(Data records)

=== Section Start ===

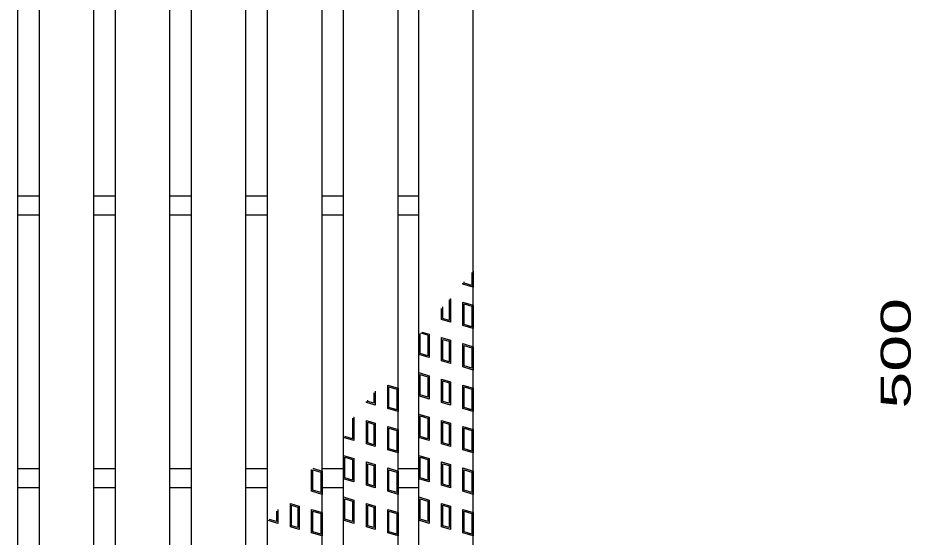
# Model space of a CAD drawing. Units: millimetres, scale not verified. Extents: x -910 to 866, y -641 to 527.
# Drawn here: x -380.6 to -52.8, y -32.4 to 158 of the extents above; entities that cross this region are included whole.
import ezdxf
from ezdxf.enums import TextEntityAlignment as Align

# ---------------------------------------------------------------- set-up
doc = ezdxf.new("R2010")
doc.units = ezdxf.units.MM
doc.header["$LTSCALE"] = 5
for name, color, linetype, lineweight in [('16', 3, 'Continuous', 25), ('17', 3, 'Continuous', 25), ('22', 2, 'Continuous', 25)]:
    doc.layers.add(name, color=color, linetype=linetype, lineweight=lineweight)
doc.styles.add('ベクトル', font='')
doc.styles.get('ベクトル').set_extended_font_data('ベクトル')

msp = doc.modelspace()

# ---------------------------------------------------------------- linework, layer by layer
at = {"layer": '16'}
for p, q in [((-380.6, -204.75), (-380.6, 283.25)), ((-372.7, -204.75), (-372.7, 283.25)), ((-352.7, -204.75), (-352.7, 283.25)), ((-344.8, -204.75), (-344.8, 283.25)), ((-324.8, -204.75), (-324.8, 283.25)), ((-316.9, -204.75), (-316.9, 283.25)), ((-296.9, -204.75), (-296.9, 283.25)), ((-289, -204.75), (-289, 283.25)), ((-269, -204.75), (-269, 283.25)), ((-261.1, -204.75), (-261.1, 283.25)), ((-241.1, -204.75), (-241.1, 283.25)), ((-233.5, -204.75), (-233.5, 283.25)), ((-213.5, -204.75), (-213.5, 283.25)), ((-380.6, 92.75), (-372.7, 92.75)), ((-352.7, 92.75), (-344.8, 92.75)), ((-324.8, 92.75), (-316.9, 92.75)), ((-296.9, 92.75), (-289, 92.75)), ((-269, 92.75), (-261.1, 92.75)), ((-241.1, 92.75), (-233.5, 92.75)), ((-380.6, 85.75), (-372.7, 85.75)), ((-352.7, 85.75), (-344.8, 85.75)), ((-324.8, 85.75), (-316.9, 85.75)), ((-296.9, 85.75), (-289, 85.75)), ((-269, 85.75), (-261.1, 85.75)), ((-241.1, 85.75), (-233.5, 85.75)), ((-380.6, -7.25), (-372.7, -7.25)), ((-352.7, -7.25), (-344.8, -7.25)), ((-324.8, -7.25), (-316.9, -7.25)), ((-296.9, -7.25), (-289, -7.25)), ((-269, -7.25), (-261.1, -7.25)), ((-241.1, -7.25), (-233.5, -7.25)), ((-380.6, -14.25), (-372.7, -14.25)), ((-352.7, -14.25), (-344.8, -14.25)), ((-324.8, -14.25), (-316.9, -14.25)), ((-296.9, -14.25), (-289, -14.25)), ((-269, -14.25), (-261.1, -14.25)), ((-241.1, -14.25), (-233.5, -14.25))]:
    msp.add_line(p, q, dxfattribs=at)
at = {"layer": '17'}
for p, q in [((-213.975, 64.597), (-213.975, 59.888)), ((-213.5, 65.159), (-213.5, 59.25)), ((-217.3, 60.39), (-217.3, 60.665)), ((-213.5, 59.25), (-217.3, 60.39)), ((-216.825, 60.743), (-216.825, 61.227)), ((-213.975, 59.888), (-216.825, 60.743)), ((-222.407, 54.626), (-222.36, 54.612)), ((-222.36, 54.612), (-222.36, 47.054)), ((-222.073, 55.022), (-221.885, 54.966)), ((-221.885, 54.966), (-221.885, 46.416)), ((-217.3, 53.74), (-213.5, 52.6)), ((-217.3, 45.19), (-217.3, 53.74)), ((-216.825, 53.102), (-213.975, 52.247)), ((-216.825, 45.543), (-216.825, 53.102)), ((-213.5, 52.6), (-213.5, 44.05)), ((-225.115, 47.385), (-225.115, 51.425)), ((-224.64, 47.738), (-224.64, 51.986)), ((-213.975, 52.247), (-213.975, 44.688)), ((-221.885, 46.416), (-225.115, 47.385)), ((-222.36, 47.054), (-224.64, 47.738)), ((-232.427, 42.778), (-229.7, 41.96)), ((-213.5, 44.05), (-217.3, 45.19)), ((-213.975, 44.688), (-216.825, 45.543)), ((-233.025, 34.903), (-233.025, 42.072)), ((-230.175, 41.607), (-232.762, 42.383)), ((-230.175, 41.607), (-230.175, 34.048)), ((-229.7, 41.96), (-229.7, 33.41)), ((-225.115, 40.735), (-221.885, 39.766)), ((-225.115, 32.185), (-225.115, 40.735)), ((-224.64, 40.096), (-222.36, 39.412)), ((-224.64, 32.538), (-224.64, 40.096)), ((-222.36, 39.412), (-222.36, 31.854)), ((-221.885, 39.766), (-221.885, 31.216)), ((-217.3, 38.54), (-213.5, 37.4)), ((-217.3, 29.99), (-217.3, 38.54)), ((-216.825, 37.902), (-213.975, 37.047)), ((-216.825, 30.343), (-216.825, 37.902)), ((-213.975, 37.047), (-213.975, 29.488)), ((-213.5, 37.4), (-213.5, 28.85)), ((-229.7, 33.41), (-233.5, 34.55)), ((-230.175, 34.048), (-233.025, 34.903)), ((-221.885, 31.216), (-225.115, 32.185)), ((-222.36, 31.854), (-224.64, 32.538)), ((-213.5, 28.85), (-217.3, 29.99)), ((-213.975, 29.488), (-216.825, 30.343)), ((-233.5, 27.9), (-229.7, 26.76)), ((-233.5, 19.35), (-233.5, 27.9)), ((-233.025, 27.262), (-230.175, 26.407)), ((-233.025, 19.703), (-233.025, 27.262)), ((-230.175, 26.407), (-230.175, 18.848)), ((-229.7, 26.76), (-229.7, 18.21)), ((-244.9, 23.34), (-241.1, 22.2)), ((-244.9, 14.79), (-244.9, 23.34)), ((-225.115, 25.535), (-221.885, 24.566)), ((-225.115, 16.985), (-225.115, 25.535)), ((-224.64, 24.896), (-222.36, 24.212)), ((-224.64, 17.338), (-224.64, 24.896)), ((-222.36, 24.212), (-222.36, 16.654)), ((-221.885, 24.566), (-221.885, 16.016)), ((-217.3, 23.34), (-213.5, 22.2)), ((-217.3, 14.79), (-217.3, 23.34)), ((-249.96, 20.51), (-249.96, 16.654)), ((-249.485, 21.072), (-249.485, 16.016)), ((-244.425, 22.702), (-241.575, 21.847)), ((-244.425, 15.143), (-244.425, 22.702)), ((-241.575, 21.847), (-241.575, 14.288)), ((-241.1, 22.2), (-241.1, 13.65)), ((-230.175, 18.848), (-233.025, 19.703)), ((-216.825, 22.702), (-213.975, 21.847)), ((-216.825, 15.143), (-216.825, 22.702)), ((-213.975, 21.847), (-213.975, 14.288)), ((-213.5, 22.2), (-213.5, 13.65)), ((-252.715, 16.985), (-252.715, 17.252)), ((-249.485, 16.016), (-252.715, 16.985)), ((-252.24, 17.338), (-252.24, 17.814)), ((-249.96, 16.654), (-252.24, 17.338)), ((-229.7, 18.21), (-233.5, 19.35)), ((-221.885, 16.016), (-225.115, 16.985)), ((-222.36, 16.654), (-224.64, 17.338)), ((-241.1, 13.65), (-244.9, 14.79)), ((-241.575, 14.288), (-244.425, 15.143)), ((-213.5, 13.65), (-217.3, 14.79)), ((-213.975, 14.288), (-216.825, 15.143)), ((-257.817, 11.219), (-257.775, 11.207)), ((-257.775, 11.207), (-257.775, 3.648)), ((-257.483, 11.615), (-257.3, 11.56)), ((-257.3, 11.56), (-257.3, 3.01)), ((-252.715, 10.335), (-249.485, 9.366)), ((-252.715, 1.785), (-252.715, 10.335)), ((-233.5, 12.7), (-229.7, 11.56)), ((-233.5, 4.15), (-233.5, 12.7)), ((-233.025, 12.062), (-230.175, 11.207)), ((-233.025, 4.503), (-233.025, 12.062)), ((-230.175, 11.207), (-230.175, 3.648)), ((-229.7, 11.56), (-229.7, 3.01)), ((-225.115, 10.335), (-221.885, 9.366)), ((-225.115, 1.785), (-225.115, 10.335)), ((-252.24, 9.696), (-249.96, 9.012)), ((-252.24, 2.138), (-252.24, 9.696)), ((-249.96, 9.012), (-249.96, 1.454)), ((-249.485, 9.366), (-249.485, 0.816)), ((-244.9, 8.14), (-241.1, 7)), ((-244.9, -0.41), (-244.9, 8.14)), ((-244.425, 7.502), (-241.575, 6.647)), ((-244.425, -0.057), (-244.425, 7.502)), ((-241.575, 6.647), (-241.575, -0.912)), ((-241.1, 7), (-241.1, -1.55)), ((-224.64, 9.696), (-222.36, 9.012)), ((-224.64, 2.138), (-224.64, 9.696)), ((-222.36, 9.012), (-222.36, 1.454)), ((-221.885, 9.366), (-221.885, 0.816)), ((-217.3, 8.14), (-213.5, 7)), ((-217.3, -0.41), (-217.3, 8.14)), ((-216.825, 7.502), (-213.975, 6.647)), ((-216.825, -0.057), (-216.825, 7.502)), ((-213.975, 6.647), (-213.975, -0.912)), ((-213.5, 7), (-213.5, -1.55)), ((-257.3, 3.01), (-261.1, 4.15)), ((-257.775, 3.648), (-260.625, 4.503)), ((-229.7, 3.01), (-233.5, 4.15)), ((-230.175, 3.648), (-233.025, 4.503)), ((-249.485, 0.816), (-252.715, 1.785)), ((-249.96, 1.454), (-252.24, 2.138)), ((-221.885, 0.816), (-225.115, 1.785)), ((-222.36, 1.454), (-224.64, 2.138)), ((-261.1, -2.5), (-257.3, -3.64)), ((-261.1, -11.05), (-261.1, -2.5)), ((-260.625, -3.138), (-257.775, -3.993)), ((-260.625, -10.697), (-260.625, -3.138)), ((-241.1, -1.55), (-244.9, -0.41)), ((-241.575, -0.912), (-244.425, -0.057)), ((-233.5, -2.5), (-229.7, -3.64)), ((-233.5, -11.05), (-233.5, -2.5)), ((-233.025, -3.138), (-230.175, -3.993)), ((-233.025, -10.697), (-233.025, -3.138)), ((-213.5, -1.55), (-217.3, -0.41)), ((-213.975, -0.912), (-216.825, -0.057)), ((-257.775, -3.993), (-257.775, -11.552)), ((-257.3, -3.64), (-257.3, -12.19)), ((-252.715, -4.865), (-249.485, -5.834)), ((-252.715, -13.415), (-252.715, -4.865)), ((-252.24, -5.504), (-249.96, -6.188)), ((-252.24, -13.062), (-252.24, -5.504)), ((-249.96, -6.188), (-249.96, -13.746)), ((-249.485, -5.834), (-249.485, -14.384)), ((-230.175, -3.993), (-230.175, -11.552)), ((-229.7, -3.64), (-229.7, -12.19)), ((-225.115, -4.865), (-221.885, -5.834)), ((-225.115, -13.415), (-225.115, -4.865)), ((-224.64, -5.504), (-222.36, -6.188)), ((-224.64, -13.062), (-224.64, -5.504)), ((-222.36, -6.188), (-222.36, -13.746)), ((-221.885, -5.834), (-221.885, -14.384)), ((-272.8, -15.61), (-272.8, -7.679)), ((-272.382, -7.185), (-269, -8.2)), ((-272.325, -7.698), (-269.475, -8.553)), ((-272.325, -15.257), (-272.325, -7.698)), ((-269.475, -8.553), (-269.475, -16.112)), ((-269, -8.2), (-269, -16.75)), ((-244.9, -7.06), (-241.1, -8.2)), ((-244.9, -15.61), (-244.9, -7.06)), ((-244.425, -7.698), (-241.575, -8.553)), ((-244.425, -15.257), (-244.425, -7.698)), ((-241.575, -8.553), (-241.575, -16.112)), ((-241.1, -8.2), (-241.1, -16.75)), ((-217.3, -7.06), (-213.5, -8.2)), ((-217.3, -15.61), (-217.3, -7.06)), ((-216.825, -7.698), (-213.975, -8.553)), ((-216.825, -15.257), (-216.825, -7.698)), ((-213.975, -8.553), (-213.975, -16.112)), ((-213.5, -8.2), (-213.5, -16.75)), ((-257.3, -12.19), (-261.1, -11.05)), ((-257.775, -11.552), (-260.625, -10.697)), ((-249.96, -13.746), (-252.24, -13.062)), ((-229.7, -12.19), (-233.5, -11.05)), ((-230.175, -11.552), (-233.025, -10.697)), ((-222.36, -13.746), (-224.64, -13.062)), ((-269, -16.75), (-272.8, -15.61)), ((-269.475, -16.112), (-272.325, -15.257)), ((-249.485, -14.384), (-252.715, -13.415)), ((-241.1, -16.75), (-244.9, -15.61)), ((-241.575, -16.112), (-244.425, -15.257)), ((-221.885, -14.384), (-225.115, -13.415)), ((-213.5, -16.75), (-217.3, -15.61)), ((-213.975, -16.112), (-216.825, -15.257)), ((-261.1, -17.7), (-257.3, -18.84)), ((-261.1, -26.25), (-261.1, -17.7)), ((-260.625, -18.338), (-257.775, -19.193)), ((-260.625, -25.897), (-260.625, -18.338)), ((-257.775, -19.193), (-257.775, -26.752)), ((-257.3, -18.84), (-257.3, -27.39)), ((-233.5, -17.7), (-229.7, -18.84)), ((-233.5, -26.25), (-233.5, -17.7)), ((-233.025, -18.338), (-230.175, -19.193)), ((-233.025, -25.897), (-233.025, -18.338)), ((-230.175, -19.193), (-230.175, -26.752)), ((-229.7, -18.84), (-229.7, -27.39)), ((-285.675, -22.903), (-285.675, -26.752)), ((-285.2, -22.342), (-285.2, -27.39)), ((-280.615, -20.065), (-277.385, -21.034)), ((-280.615, -28.615), (-280.615, -20.065)), ((-280.14, -20.704), (-277.86, -21.388)), ((-280.14, -28.262), (-280.14, -20.704)), ((-277.86, -21.388), (-277.86, -28.946)), ((-277.385, -21.034), (-277.385, -29.584)), ((-272.8, -22.26), (-269, -23.4)), ((-272.8, -30.81), (-272.8, -22.26)), ((-272.325, -22.898), (-269.475, -23.753)), ((-272.325, -30.457), (-272.325, -22.898)), ((-252.715, -20.065), (-249.485, -21.034)), ((-252.715, -28.615), (-252.715, -20.065)), ((-252.24, -20.704), (-249.96, -21.388)), ((-252.24, -28.262), (-252.24, -20.704)), ((-249.96, -21.388), (-249.96, -28.946)), ((-249.485, -21.034), (-249.485, -29.584)), ((-244.9, -22.26), (-241.1, -23.4)), ((-244.9, -30.81), (-244.9, -22.26)), ((-244.425, -22.898), (-241.575, -23.753)), ((-244.425, -30.457), (-244.425, -22.898)), ((-225.115, -20.065), (-221.885, -21.034)), ((-225.115, -28.615), (-225.115, -20.065)), ((-224.64, -20.704), (-222.36, -21.388)), ((-224.64, -28.262), (-224.64, -20.704)), ((-222.36, -21.388), (-222.36, -28.946)), ((-221.885, -21.034), (-221.885, -29.584)), ((-217.3, -22.26), (-213.5, -23.4)), ((-217.3, -30.81), (-217.3, -22.26)), ((-216.825, -22.898), (-213.975, -23.753)), ((-216.825, -30.457), (-216.825, -22.898)), ((-285.675, -26.752), (-288.271, -25.973)), ((-269.475, -23.753), (-269.475, -31.312)), ((-269, -23.4), (-269, -31.95)), ((-257.775, -26.752), (-260.625, -25.897)), ((-241.575, -23.753), (-241.575, -31.312)), ((-241.1, -23.4), (-241.1, -31.95)), ((-230.175, -26.752), (-233.025, -25.897)), ((-213.975, -23.753), (-213.975, -31.312)), ((-213.5, -23.4), (-213.5, -31.95)), ((-285.2, -27.39), (-288.605, -26.368)), ((-277.385, -29.584), (-280.615, -28.615)), ((-277.86, -28.946), (-280.14, -28.262)), ((-257.3, -27.39), (-261.1, -26.25)), ((-249.485, -29.584), (-252.715, -28.615)), ((-249.96, -28.946), (-252.24, -28.262)), ((-229.7, -27.39), (-233.5, -26.25)), ((-221.885, -29.584), (-225.115, -28.615)), ((-222.36, -28.946), (-224.64, -28.262)), ((-269, -31.95), (-272.8, -30.81)), ((-269.475, -31.312), (-272.325, -30.457)), ((-241.1, -31.95), (-244.9, -30.81)), ((-241.575, -31.312), (-244.425, -30.457)), ((-213.5, -31.95), (-217.3, -30.81)), ((-213.975, -31.312), (-216.825, -30.457))]:
    msp.add_line(p, q, dxfattribs=at)

# ---------------------------------------------------------------- texts
at = {"layer": '22', "style": 'ベクトル', "width": 1.65}
msp.add_text(' 500 ', height=11, rotation=90, dxfattribs=at).set_placement((-58.5, 8), align=Align.MIDDLE_LEFT)

doc.saveas('drawing.dxf')

=== Section End ===

(DIRECTIONS):
Begin with the first line of the entries above and write out each line exactly, ending with the line containing "doc.units = ezdxf.units.MM". Leave out pictures.

(RESULT OF THIS EXERCISE):
# Model space of a CAD drawing. Units: millimetres, scale not verified. Extents: x -910 to 866, y -641 to 527.
# Drawn here: x -380.6 to -52.8, y -32.4 to 158 of the extents above; entities that cross this region are included whole.
import ezdxf
from ezdxf.enums import TextEntityAlignment as Align

# ---------------------------------------------------------------- set-up
doc = ezdxf.new("R2010")
doc.units = ezdxf.units.MM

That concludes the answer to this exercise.